- [EXERCISE]: When the string "ezdxf" appears in a line of the records, show the whole line.
____ RECORDS FOR THE TASK
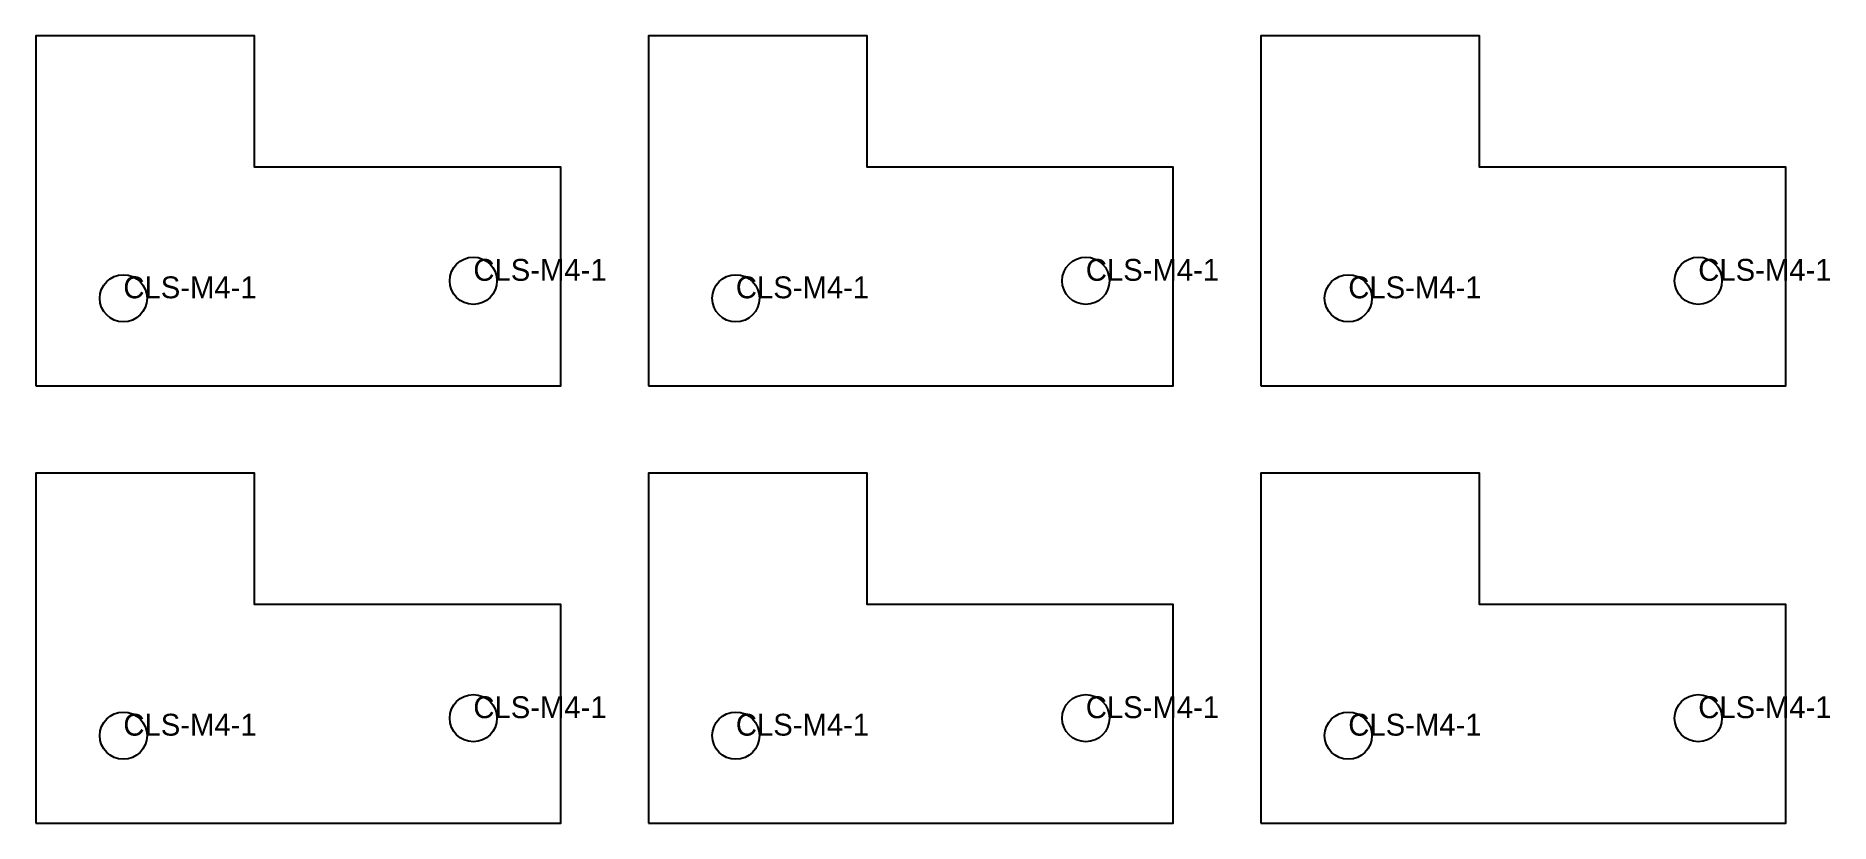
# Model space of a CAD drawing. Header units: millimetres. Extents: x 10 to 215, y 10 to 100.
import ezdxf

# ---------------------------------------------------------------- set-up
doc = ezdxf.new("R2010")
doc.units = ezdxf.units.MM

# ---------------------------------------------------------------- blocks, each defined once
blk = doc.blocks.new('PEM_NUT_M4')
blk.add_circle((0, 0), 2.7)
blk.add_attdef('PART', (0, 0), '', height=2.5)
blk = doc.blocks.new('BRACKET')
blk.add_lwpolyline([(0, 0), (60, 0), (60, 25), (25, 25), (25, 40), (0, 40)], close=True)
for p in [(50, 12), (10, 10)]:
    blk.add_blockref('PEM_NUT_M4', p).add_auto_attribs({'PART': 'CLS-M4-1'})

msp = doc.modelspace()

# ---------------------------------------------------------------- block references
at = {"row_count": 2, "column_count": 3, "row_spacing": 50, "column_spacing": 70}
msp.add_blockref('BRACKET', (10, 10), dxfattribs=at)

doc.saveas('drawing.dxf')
________
- [EXERCISE SOLUTION]:
import ezdxf
doc = ezdxf.new("R2010")
doc.units = ezdxf.units.MM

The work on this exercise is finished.